# [Requirement]
Please return the lines below verbatim, beginning at the one that has "mis_y_mc = randn*mis_y_v" and stopping after the one that has "settings DebuggingCC: UnconnectedInputMsg=warning", and add no other lines.

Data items
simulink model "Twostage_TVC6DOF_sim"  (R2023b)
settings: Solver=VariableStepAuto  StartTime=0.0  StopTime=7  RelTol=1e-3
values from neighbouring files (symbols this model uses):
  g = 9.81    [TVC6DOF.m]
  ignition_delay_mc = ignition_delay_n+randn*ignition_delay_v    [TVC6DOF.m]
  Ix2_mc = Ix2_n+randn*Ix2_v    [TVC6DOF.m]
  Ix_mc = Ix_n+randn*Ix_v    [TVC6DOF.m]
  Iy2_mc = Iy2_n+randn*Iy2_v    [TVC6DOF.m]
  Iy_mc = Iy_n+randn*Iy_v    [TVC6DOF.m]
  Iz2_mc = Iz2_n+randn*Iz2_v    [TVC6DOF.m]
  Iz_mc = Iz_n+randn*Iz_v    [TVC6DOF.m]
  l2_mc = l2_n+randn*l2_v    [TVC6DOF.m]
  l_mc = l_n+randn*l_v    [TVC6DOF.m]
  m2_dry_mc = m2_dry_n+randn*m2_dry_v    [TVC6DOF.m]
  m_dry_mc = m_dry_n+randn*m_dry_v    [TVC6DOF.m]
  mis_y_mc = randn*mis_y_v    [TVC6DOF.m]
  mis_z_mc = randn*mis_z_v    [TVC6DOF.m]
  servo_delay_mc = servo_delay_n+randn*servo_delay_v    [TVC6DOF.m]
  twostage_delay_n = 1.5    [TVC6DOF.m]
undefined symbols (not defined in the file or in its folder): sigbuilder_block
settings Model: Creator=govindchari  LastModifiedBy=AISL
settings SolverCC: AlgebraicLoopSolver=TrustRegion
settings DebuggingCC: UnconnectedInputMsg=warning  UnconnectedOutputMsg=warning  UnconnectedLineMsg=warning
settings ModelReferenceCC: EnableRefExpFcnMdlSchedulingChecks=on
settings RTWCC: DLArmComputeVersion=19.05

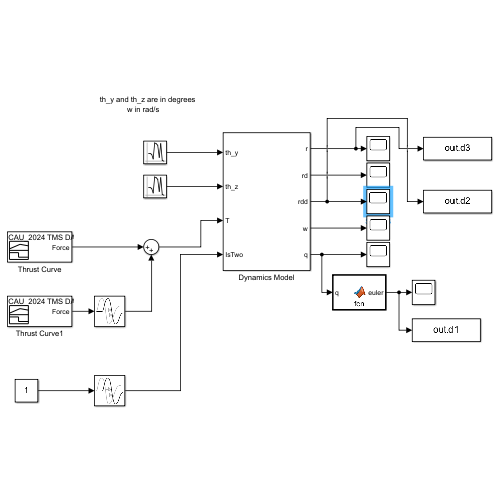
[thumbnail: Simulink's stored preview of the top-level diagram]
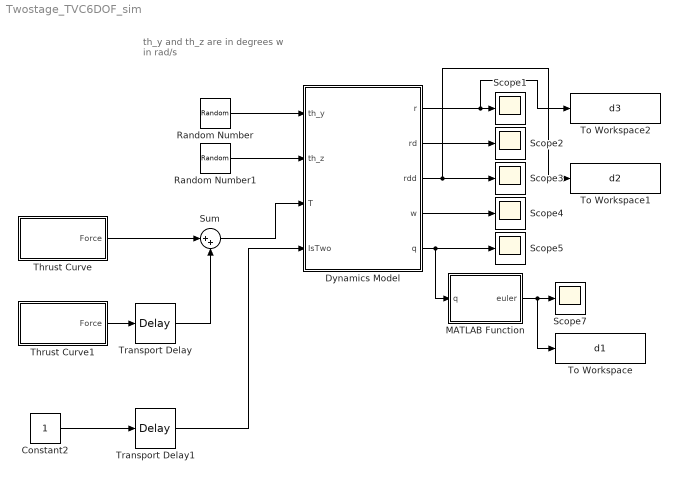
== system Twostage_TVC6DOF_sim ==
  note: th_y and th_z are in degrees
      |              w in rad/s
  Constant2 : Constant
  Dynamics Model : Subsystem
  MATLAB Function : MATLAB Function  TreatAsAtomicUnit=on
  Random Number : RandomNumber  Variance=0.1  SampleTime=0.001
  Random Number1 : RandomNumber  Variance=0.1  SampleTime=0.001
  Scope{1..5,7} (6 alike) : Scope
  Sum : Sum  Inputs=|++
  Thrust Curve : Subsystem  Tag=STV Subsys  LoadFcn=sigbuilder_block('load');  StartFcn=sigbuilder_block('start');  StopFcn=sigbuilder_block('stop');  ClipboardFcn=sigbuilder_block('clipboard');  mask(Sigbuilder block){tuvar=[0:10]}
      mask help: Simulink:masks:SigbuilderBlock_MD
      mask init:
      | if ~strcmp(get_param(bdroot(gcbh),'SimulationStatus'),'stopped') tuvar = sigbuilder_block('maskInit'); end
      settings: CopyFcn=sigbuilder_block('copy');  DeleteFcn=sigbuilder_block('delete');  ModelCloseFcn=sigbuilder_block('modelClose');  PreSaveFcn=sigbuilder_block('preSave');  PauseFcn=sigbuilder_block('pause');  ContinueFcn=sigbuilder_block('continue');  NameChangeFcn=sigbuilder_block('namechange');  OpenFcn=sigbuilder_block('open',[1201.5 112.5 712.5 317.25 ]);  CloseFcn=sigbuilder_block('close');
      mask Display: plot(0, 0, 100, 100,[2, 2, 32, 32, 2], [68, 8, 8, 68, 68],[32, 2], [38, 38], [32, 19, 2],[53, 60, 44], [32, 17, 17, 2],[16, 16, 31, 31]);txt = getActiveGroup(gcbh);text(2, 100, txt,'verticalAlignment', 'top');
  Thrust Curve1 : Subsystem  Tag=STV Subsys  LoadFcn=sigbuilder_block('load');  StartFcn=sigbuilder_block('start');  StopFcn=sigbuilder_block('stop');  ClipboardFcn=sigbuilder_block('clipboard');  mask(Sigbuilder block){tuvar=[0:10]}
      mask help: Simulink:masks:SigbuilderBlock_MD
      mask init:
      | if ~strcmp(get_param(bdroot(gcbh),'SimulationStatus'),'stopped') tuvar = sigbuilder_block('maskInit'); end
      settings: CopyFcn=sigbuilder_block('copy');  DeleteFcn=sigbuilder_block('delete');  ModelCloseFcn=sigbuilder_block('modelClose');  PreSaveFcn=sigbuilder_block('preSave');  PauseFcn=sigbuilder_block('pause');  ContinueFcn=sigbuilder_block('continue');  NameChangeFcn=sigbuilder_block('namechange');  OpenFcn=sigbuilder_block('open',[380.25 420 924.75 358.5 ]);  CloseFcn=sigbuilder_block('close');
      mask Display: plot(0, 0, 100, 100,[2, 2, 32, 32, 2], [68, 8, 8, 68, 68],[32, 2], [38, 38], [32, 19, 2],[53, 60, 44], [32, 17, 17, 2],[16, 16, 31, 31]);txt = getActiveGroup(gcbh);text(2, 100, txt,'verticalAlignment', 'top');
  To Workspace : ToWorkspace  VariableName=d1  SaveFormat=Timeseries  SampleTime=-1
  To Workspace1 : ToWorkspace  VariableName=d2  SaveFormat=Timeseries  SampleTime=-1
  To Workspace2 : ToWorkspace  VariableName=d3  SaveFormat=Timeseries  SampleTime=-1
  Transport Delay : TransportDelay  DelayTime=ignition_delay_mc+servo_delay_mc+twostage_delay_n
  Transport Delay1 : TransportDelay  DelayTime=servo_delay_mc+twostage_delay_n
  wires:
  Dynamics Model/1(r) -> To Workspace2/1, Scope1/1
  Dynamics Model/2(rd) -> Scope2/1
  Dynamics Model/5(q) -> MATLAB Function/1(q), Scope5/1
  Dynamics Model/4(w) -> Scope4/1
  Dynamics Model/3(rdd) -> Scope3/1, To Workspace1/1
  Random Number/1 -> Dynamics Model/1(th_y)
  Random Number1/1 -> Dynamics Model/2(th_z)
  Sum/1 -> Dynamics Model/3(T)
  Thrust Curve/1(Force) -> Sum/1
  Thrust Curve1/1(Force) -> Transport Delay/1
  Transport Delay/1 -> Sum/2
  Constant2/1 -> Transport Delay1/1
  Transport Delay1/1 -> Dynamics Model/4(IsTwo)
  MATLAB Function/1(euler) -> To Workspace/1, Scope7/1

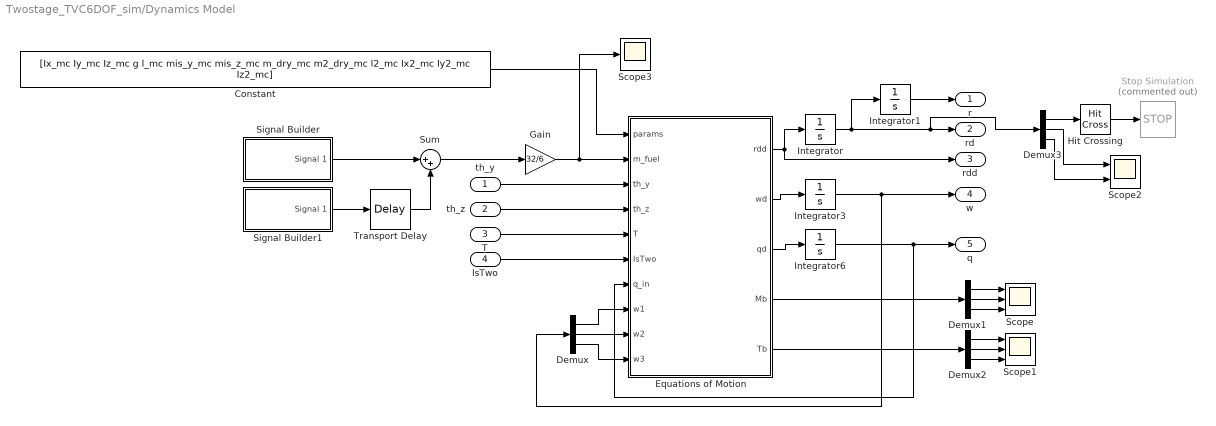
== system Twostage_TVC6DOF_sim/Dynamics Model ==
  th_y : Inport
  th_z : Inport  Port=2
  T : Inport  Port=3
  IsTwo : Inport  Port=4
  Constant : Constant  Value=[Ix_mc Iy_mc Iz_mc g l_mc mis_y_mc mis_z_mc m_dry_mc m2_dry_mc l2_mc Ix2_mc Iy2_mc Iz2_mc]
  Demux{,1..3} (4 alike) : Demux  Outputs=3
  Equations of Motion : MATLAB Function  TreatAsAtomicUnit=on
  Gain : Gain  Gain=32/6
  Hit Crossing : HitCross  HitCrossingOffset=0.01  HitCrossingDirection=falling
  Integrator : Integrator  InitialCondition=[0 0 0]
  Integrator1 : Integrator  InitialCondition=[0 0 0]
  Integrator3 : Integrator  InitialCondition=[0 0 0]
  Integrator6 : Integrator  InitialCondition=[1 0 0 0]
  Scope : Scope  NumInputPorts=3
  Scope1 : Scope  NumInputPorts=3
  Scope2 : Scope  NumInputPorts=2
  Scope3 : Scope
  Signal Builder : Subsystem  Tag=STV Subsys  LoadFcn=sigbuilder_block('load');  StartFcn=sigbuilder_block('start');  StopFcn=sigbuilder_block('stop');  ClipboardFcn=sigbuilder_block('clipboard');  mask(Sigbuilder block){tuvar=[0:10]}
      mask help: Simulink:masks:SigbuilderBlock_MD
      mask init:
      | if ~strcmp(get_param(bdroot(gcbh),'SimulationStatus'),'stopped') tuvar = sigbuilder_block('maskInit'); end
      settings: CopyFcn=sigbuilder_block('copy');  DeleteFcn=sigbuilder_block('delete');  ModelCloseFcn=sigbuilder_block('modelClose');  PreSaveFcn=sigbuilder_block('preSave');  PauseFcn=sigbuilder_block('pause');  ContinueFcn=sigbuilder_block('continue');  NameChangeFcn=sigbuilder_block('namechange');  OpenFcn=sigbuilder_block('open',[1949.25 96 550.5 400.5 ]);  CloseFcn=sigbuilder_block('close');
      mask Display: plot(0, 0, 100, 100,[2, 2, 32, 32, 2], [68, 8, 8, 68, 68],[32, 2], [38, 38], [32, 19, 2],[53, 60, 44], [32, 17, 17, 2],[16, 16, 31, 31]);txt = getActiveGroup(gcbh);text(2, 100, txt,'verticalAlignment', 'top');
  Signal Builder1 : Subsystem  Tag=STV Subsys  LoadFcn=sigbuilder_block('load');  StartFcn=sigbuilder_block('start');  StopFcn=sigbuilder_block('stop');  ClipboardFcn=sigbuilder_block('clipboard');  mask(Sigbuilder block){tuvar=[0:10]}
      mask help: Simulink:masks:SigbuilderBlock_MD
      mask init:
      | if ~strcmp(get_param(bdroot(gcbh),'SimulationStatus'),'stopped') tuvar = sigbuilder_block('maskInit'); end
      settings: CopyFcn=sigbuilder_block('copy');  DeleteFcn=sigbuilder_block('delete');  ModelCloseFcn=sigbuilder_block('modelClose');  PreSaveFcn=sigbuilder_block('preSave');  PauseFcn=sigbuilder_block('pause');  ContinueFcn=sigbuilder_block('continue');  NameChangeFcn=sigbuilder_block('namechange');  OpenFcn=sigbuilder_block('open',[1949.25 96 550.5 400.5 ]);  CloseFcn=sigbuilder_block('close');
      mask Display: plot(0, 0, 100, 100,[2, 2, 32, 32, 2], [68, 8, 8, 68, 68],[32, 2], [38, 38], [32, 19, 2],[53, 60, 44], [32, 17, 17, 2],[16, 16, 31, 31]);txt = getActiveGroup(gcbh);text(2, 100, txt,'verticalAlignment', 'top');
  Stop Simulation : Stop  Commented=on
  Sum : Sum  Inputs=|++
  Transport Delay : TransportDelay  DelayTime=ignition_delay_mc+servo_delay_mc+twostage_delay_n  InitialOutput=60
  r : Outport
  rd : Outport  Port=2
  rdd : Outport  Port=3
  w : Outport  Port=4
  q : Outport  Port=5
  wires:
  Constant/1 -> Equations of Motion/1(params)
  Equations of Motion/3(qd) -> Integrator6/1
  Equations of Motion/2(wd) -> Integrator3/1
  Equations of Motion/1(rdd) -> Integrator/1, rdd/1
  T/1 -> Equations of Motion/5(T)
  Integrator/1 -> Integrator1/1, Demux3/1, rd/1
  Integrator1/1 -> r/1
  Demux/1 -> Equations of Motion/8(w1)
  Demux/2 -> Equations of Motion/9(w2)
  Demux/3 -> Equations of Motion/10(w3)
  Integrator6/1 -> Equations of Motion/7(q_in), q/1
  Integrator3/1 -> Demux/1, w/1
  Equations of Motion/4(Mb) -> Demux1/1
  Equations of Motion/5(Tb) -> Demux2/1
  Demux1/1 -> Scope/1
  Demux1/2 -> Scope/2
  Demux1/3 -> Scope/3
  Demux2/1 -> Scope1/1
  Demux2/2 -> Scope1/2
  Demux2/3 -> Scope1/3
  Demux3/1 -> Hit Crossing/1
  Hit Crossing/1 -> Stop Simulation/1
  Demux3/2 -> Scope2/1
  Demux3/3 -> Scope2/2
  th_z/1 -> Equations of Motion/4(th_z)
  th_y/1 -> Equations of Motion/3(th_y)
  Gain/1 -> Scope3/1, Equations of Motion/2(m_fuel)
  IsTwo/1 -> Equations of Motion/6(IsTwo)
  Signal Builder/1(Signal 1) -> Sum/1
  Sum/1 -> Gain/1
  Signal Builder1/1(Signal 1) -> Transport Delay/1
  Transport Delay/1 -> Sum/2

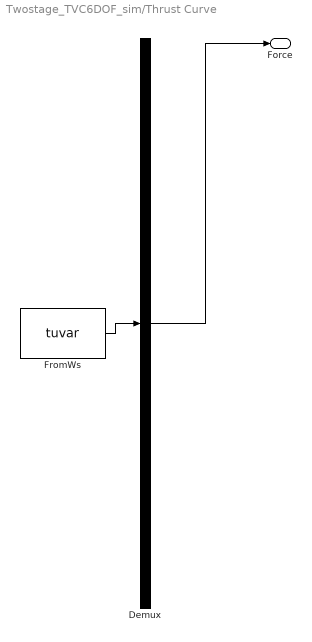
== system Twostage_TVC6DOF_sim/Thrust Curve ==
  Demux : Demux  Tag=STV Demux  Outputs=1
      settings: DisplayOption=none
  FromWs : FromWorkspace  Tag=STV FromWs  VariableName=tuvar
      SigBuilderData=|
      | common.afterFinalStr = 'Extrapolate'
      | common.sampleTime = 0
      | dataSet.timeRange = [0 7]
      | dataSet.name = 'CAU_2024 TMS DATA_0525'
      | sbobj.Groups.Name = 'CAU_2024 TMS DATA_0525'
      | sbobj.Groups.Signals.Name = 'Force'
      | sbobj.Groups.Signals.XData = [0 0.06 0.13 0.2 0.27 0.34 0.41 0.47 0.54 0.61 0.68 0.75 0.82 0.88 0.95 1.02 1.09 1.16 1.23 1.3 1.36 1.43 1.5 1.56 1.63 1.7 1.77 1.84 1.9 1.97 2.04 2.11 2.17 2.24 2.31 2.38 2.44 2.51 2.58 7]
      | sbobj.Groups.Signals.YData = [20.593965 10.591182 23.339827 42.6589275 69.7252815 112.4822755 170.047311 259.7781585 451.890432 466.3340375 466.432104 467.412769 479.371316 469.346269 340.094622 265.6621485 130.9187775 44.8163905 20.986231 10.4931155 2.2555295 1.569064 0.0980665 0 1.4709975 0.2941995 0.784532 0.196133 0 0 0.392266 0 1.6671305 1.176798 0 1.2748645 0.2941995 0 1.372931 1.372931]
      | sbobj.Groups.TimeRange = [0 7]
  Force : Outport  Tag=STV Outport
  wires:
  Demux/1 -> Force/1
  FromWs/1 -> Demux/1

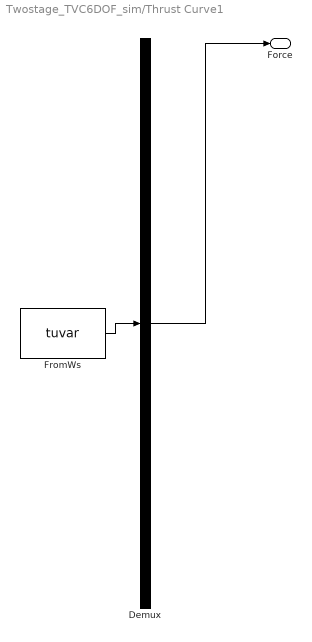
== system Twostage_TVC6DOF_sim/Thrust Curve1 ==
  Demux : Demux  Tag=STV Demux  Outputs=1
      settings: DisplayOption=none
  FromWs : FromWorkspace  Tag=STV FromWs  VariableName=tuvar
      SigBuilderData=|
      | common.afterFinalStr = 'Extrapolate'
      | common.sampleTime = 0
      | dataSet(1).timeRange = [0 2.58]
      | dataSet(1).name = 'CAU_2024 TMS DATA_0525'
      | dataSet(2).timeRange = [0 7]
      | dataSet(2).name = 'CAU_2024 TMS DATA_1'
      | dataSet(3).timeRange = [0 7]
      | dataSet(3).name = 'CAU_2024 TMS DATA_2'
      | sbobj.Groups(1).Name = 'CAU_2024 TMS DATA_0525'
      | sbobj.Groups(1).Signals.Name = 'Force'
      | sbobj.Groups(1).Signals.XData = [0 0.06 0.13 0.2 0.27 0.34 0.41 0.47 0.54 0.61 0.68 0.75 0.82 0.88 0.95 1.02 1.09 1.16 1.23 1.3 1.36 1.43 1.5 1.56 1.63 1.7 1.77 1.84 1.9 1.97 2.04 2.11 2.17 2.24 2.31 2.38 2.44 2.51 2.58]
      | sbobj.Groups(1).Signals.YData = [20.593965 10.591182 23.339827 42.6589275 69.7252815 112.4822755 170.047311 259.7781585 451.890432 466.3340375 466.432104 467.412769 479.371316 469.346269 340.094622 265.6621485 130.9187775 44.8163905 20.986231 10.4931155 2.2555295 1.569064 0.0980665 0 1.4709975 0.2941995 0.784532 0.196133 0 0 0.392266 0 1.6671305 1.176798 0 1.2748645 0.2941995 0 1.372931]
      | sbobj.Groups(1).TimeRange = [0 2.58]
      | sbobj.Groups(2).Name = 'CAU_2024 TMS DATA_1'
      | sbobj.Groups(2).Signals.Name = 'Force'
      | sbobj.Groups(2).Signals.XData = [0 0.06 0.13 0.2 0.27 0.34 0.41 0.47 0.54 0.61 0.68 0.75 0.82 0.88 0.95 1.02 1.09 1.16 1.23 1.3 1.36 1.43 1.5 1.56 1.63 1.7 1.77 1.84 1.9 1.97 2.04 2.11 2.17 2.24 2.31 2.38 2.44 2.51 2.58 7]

# [Response for this exercise]
  mis_y_mc = randn*mis_y_v    [TVC6DOF.m]
  mis_z_mc = randn*mis_z_v    [TVC6DOF.m]
  servo_delay_mc = servo_delay_n+randn*servo_delay_v    [TVC6DOF.m]
  twostage_delay_n = 1.5    [TVC6DOF.m]
undefined symbols (not defined in the file or in its folder): sigbuilder_block
settings Model: Creator=govindchari  LastModifiedBy=AISL
settings SolverCC: AlgebraicLoopSolver=TrustRegion
settings DebuggingCC: UnconnectedInputMsg=warning  UnconnectedOutputMsg=warning  UnconnectedLineMsg=warning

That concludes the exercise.